(Items listed in a dataset)
%%

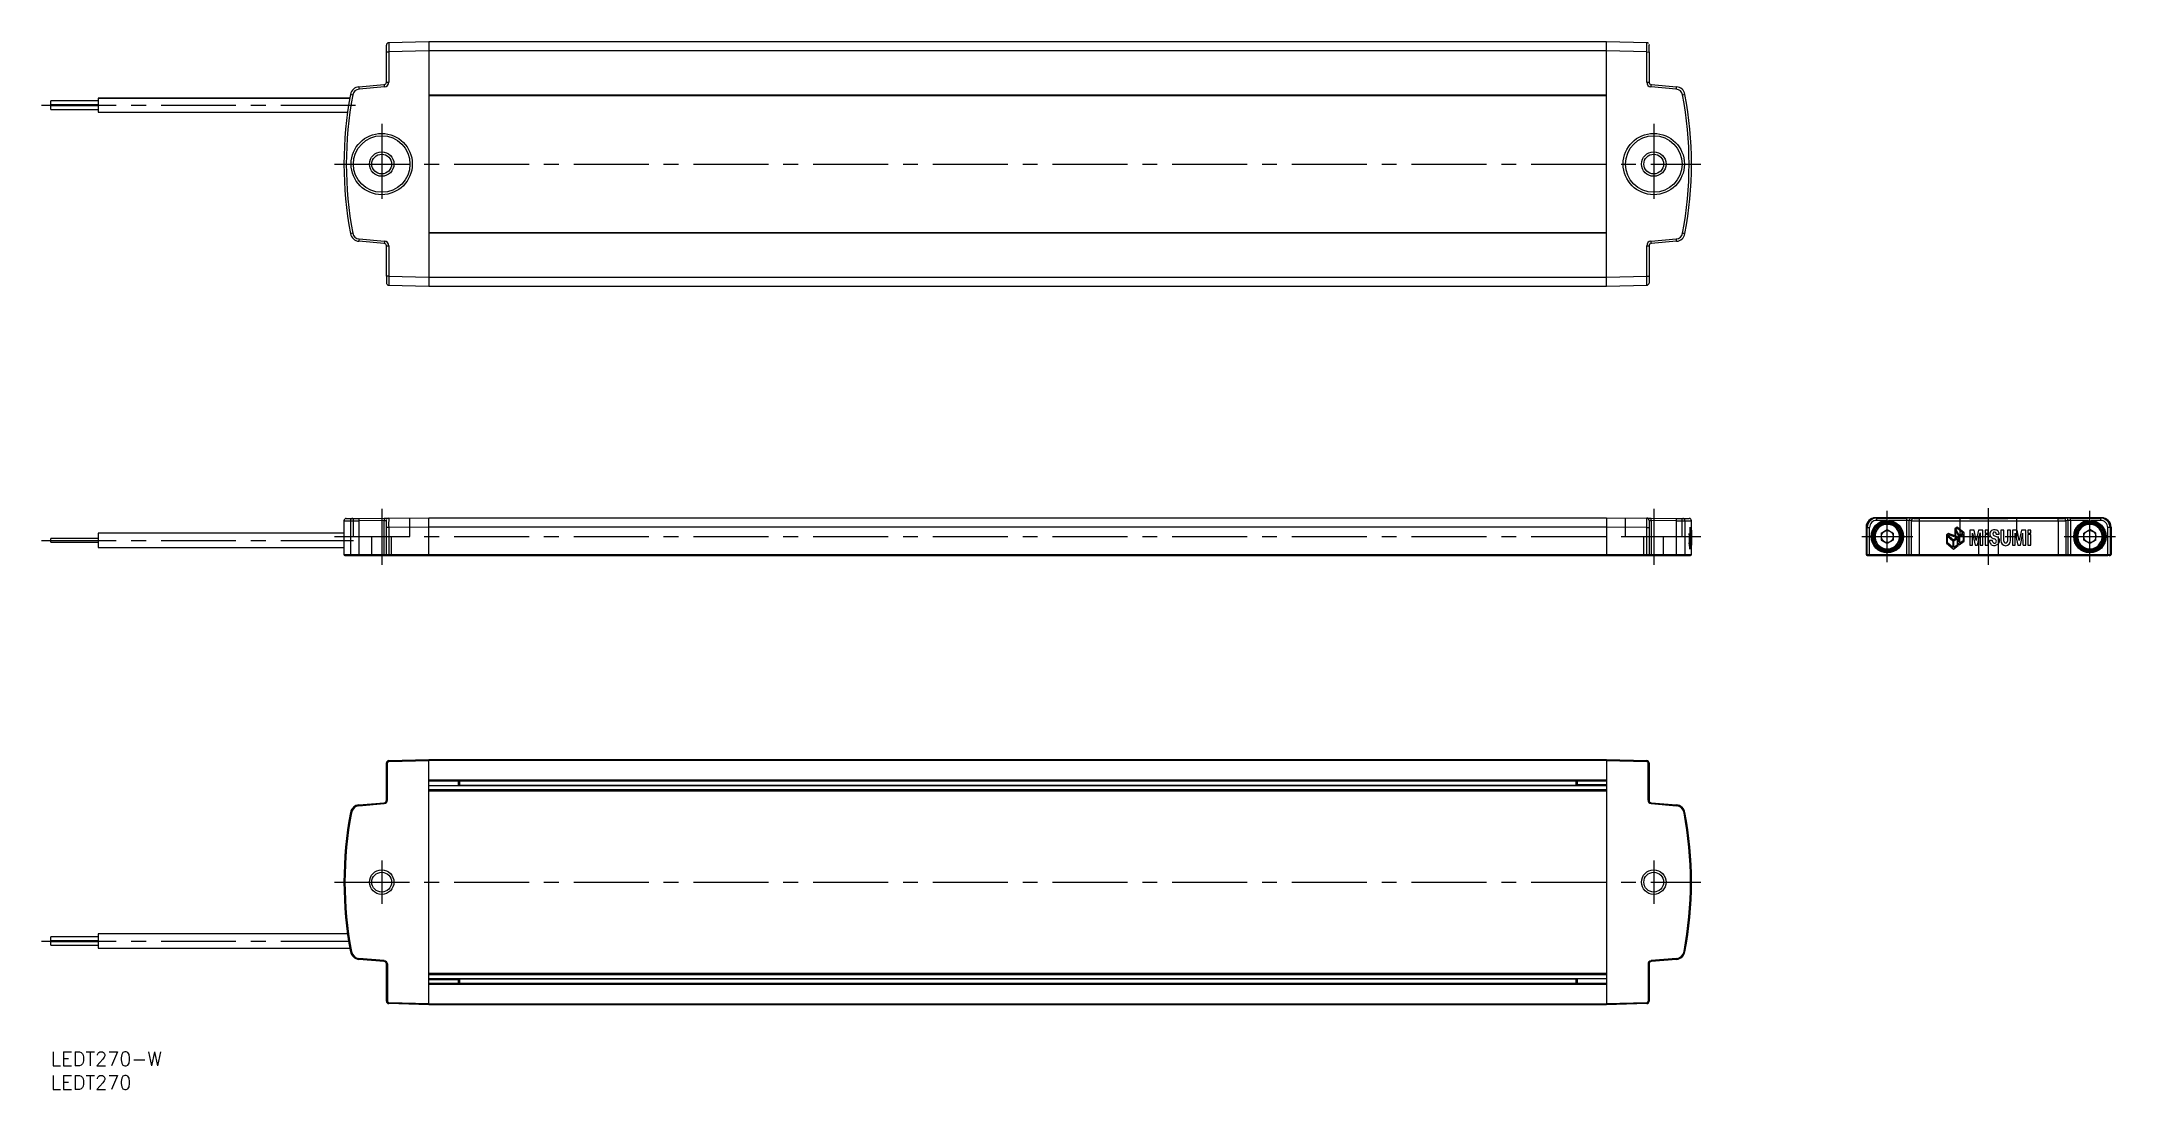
# Model space of a CAD drawing. Extents: x -2 to 438, y -8 to 214.
import ezdxf

# ---------------------------------------------------------------- set-up
doc = ezdxf.new("R2010")
doc.units = 0
doc.header["$LTSCALE"] = 0.5
doc.linetypes.add('CENTER', pattern=[50.8, 31.75, -6.35, 6.35, -6.35])
doc.linetypes.add('DASHED', pattern=[19.05, 12.7, -6.35])
for name, color, linetype in [('MSM_CENTER', 1, 'CENTER'), ('MSM_CONTINUOUS', 7, 'CONTINUOUS'), ('MSM_DASHED', 4, 'DASHED'), ('MSM_PART_NUMBER', 7, 'CONTINUOUS')]:
    doc.layers.add(name, color=color, linetype=linetype)
doc.styles.get("Standard").update_dxf_attribs({"font": 'txt.shx', "height": 3, "bigfont": 'bigfont.shx'})

# ---------------------------------------------------------------- blocks, each defined once
blk = doc.blocks.new('*U2')
at = {"layer": 'MSM_PART_NUMBER'}
blk.add_text('LEDT270', height=3, dxfattribs=at).set_placement((0, -8))
blk = doc.blocks.new('*U3')
at = {"layer": 'MSM_PART_NUMBER'}
blk.add_text('LEDT270-W', height=3, dxfattribs=at).set_placement((0, -3))

msp = doc.modelspace()

# ---------------------------------------------------------------- linework, layer by layer
at = {"layer": 'MSM_CENTER'}
for p, q in [((-2, 200.87), (65.19, 200.87)), ((70.21, 196.87), (70.21, 179.87)), ((340.21, 196.87), (340.21, 179.87)), ((60.21, 188.37), (350.21, 188.37)), ((70.21, 115.24), (70.21, 103.32)), ((340.21, 115.24), (340.21, 103.32)), ((389.78, 103.89), (389.78, 114.76)), ((411.28, 103.32), (411.28, 115.32)), ((432.78, 103.89), (432.78, 114.76)), ((-2, 108.49), (64.21, 108.49)), ((60.21, 109.32), (350.21, 109.32)), ((384.35, 109.32), (395.22, 109.32)), ((427.35, 109.32), (438.22, 109.32)), ((70.21, 40.6), (70.21, 31.4)), ((340.21, 40.6), (340.21, 31.4)), ((60.21, 36), (350.21, 36)), ((-2, 23.5), (63.19, 23.5))]:
    msp.add_line(p, q, dxfattribs=at)
at = {"layer": 'MSM_CONTINUOUS'}
for p, q in [((71.21, 205.73), (71.21, 213.62)), ((71.21, 212.15), (71.7, 212.15)), ((71.69, 214.08), (71.7, 214.15)), ((71.7, 214.15), (80.21, 214.37)), ((80.21, 212.37), (71.7, 212.15)), ((71.7, 212.15), (71.7, 205.73)), ((80.21, 214.37), (330.21, 214.37)), ((80.21, 214.37), (80.21, 162.37)), ((330.21, 212.37), (80.21, 212.37)), ((330.21, 162.37), (330.21, 214.37)), ((330.21, 214.37), (338.72, 214.15)), ((338.71, 212.15), (330.21, 212.37)), ((338.71, 205.73), (338.71, 212.15)), ((338.71, 212.15), (339.17, 212.13)), ((338.72, 214.08), (338.72, 214.15)), ((339.17, 213.83), (339.21, 213.65)), ((339.17, 212.13), (339.21, 212.15)), ((339.21, 213.65), (339.21, 213.58)), ((339.21, 212.15), (339.21, 213.58)), ((339.21, 212.15), (339.21, 205.73)), ((65.37, 204.76), (70.75, 205.23)), ((70.79, 204.73), (65.41, 204.26)), ((71.21, 205.73), (71.7, 205.73)), ((80.21, 203.07), (330.21, 203.07)), ((330.21, 202.87), (80.21, 202.87)), ((338.71, 205.73), (339.21, 205.73)), ((345, 204.26), (339.63, 204.73)), ((339.66, 205.23), (345.04, 204.76)), ((10, 201.77), (0, 201.77)), ((10, 201.77), (0, 201.77)), ((0, 200.97), (0, 201.77)), ((0, 200.97), (10, 200.97)), ((10, 200.77), (0, 200.77)), ((0, 200.77), (10, 200.77)), ((0, 199.97), (0, 200.77)), ((0, 199.97), (10, 199.97)), ((63.47, 202.37), (10, 202.37)), ((10, 202.37), (63.47, 202.37)), ((10, 202.37), (10, 199.37)), ((10, 199.37), (63.02, 199.37)), ((70.75, 171.51), (65.37, 171.98)), ((65.41, 172.48), (70.79, 172.01)), ((80.21, 173.87), (330.21, 173.87)), ((330.21, 173.67), (80.21, 173.67)), ((339.63, 172.01), (345, 172.48)), ((345.04, 171.98), (339.66, 171.51)), ((71.21, 164.59), (71.21, 171.01)), ((71.21, 171.01), (71.7, 171.01)), ((71.7, 171.01), (71.7, 164.59)), ((338.71, 164.59), (338.71, 171.01)), ((338.71, 171.01), (339.21, 171.01)), ((339.21, 171.01), (339.21, 163.12)), ((71.21, 164.59), (71.21, 163.17)), ((71.24, 164.59), (71.21, 164.59)), ((71.21, 163.17), (71.21, 163.09)), ((71.21, 163.09), (71.24, 162.91)), ((71.7, 164.59), (71.24, 164.59)), ((71.7, 164.59), (80.21, 164.37)), ((80.21, 164.37), (330.21, 164.37)), ((330.21, 164.37), (338.71, 164.59)), ((338.71, 164.59), (339.21, 164.59)), ((71.69, 162.66), (71.7, 162.59)), ((80.21, 162.37), (71.7, 162.59)), ((330.21, 162.37), (80.21, 162.37)), ((338.72, 162.59), (330.21, 162.37)), ((338.72, 162.66), (338.72, 162.59)), ((62.21, 112.68), (62.21, 105.52)), ((62.21, 112.68), (63.58, 112.68)), ((62.25, 112.67), (63.46, 112.68)), ((62.7, 113.17), (64.07, 113.18)), ((63.46, 112.68), (63.47, 112.68)), ((63.58, 112.68), (63.58, 105.52)), ((64.07, 113.18), (65.41, 113.19)), ((70.75, 112.74), (65.37, 112.69)), ((65.37, 112.69), (65.37, 105.52)), ((65.41, 113.19), (70.79, 113.24)), ((70.75, 112.74), (71.17, 112.75)), ((70.75, 105.52), (70.75, 112.74)), ((70.79, 113.24), (71.7, 113.25)), ((71.17, 112.75), (71.21, 112.75)), ((71.21, 112.75), (71.24, 112.93)), ((71.21, 111.25), (71.21, 112.75)), ((71.21, 105.52), (71.21, 111.25)), ((71.7, 111.25), (71.21, 111.25)), ((71.7, 113.25), (80.21, 113.32)), ((71.7, 113.25), (71.7, 113.21)), ((80.21, 111.32), (71.7, 111.25)), ((71.7, 111.25), (71.7, 105.52)), ((80.21, 113.32), (330.21, 113.32)), ((80.21, 113.32), (80.21, 113.14)), ((80.21, 105.32), (80.21, 113.12)), ((330.21, 111.32), (80.21, 111.32)), ((330.21, 113.32), (338.71, 113.25)), ((330.21, 113.32), (330.21, 113.14)), ((330.21, 113.12), (330.21, 105.32)), ((338.72, 111.25), (330.21, 111.32)), ((338.72, 113.21), (338.71, 113.25)), ((338.72, 113.25), (338.74, 113.25)), ((338.72, 105.52), (338.72, 111.25)), ((338.72, 111.25), (339.21, 111.25)), ((338.73, 113.25), (339.63, 113.24)), ((339.21, 112.72), (339.21, 105.52)), ((339.63, 113.24), (345, 113.19)), ((339.66, 112.74), (339.66, 105.52)), ((345.04, 112.69), (339.66, 112.74)), ((345, 113.19), (346.35, 113.18)), ((345.04, 105.52), (345.04, 112.69)), ((346.35, 113.18), (347.71, 113.17)), ((346.83, 112.68), (346.83, 105.52)), ((346.83, 112.68), (348.21, 112.67)), ((347.93, 111.34), (347.89, 110.99)), ((347.89, 110.99), (347.89, 109.46)), ((347.89, 110.91), (347.91, 110.91)), ((347.9, 110.56), (347.89, 110.56)), ((347.9, 111.09), (347.93, 111.09)), ((347.9, 110.56), (347.9, 109.39)), ((347.9, 110.56), (347.96, 109.36)), ((347.93, 111.09), (347.91, 110.91)), ((347.91, 110.91), (347.97, 109.5)), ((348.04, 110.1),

%%

• PROMPT
Go through the entries and copy every line with "name".

• SOLUTION TO THE EXERCISE
for name, color, linetype in [('MSM_CENTER', 1, 'CENTER'), ('MSM_CONTINUOUS', 7, 'CONTINUOUS'), ('MSM_DASHED', 4, 'DASHED'), ('MSM_PART_NUMBER', 7, 'CONTINUOUS')]:
    doc.layers.add(name, color=color, linetype=linetype)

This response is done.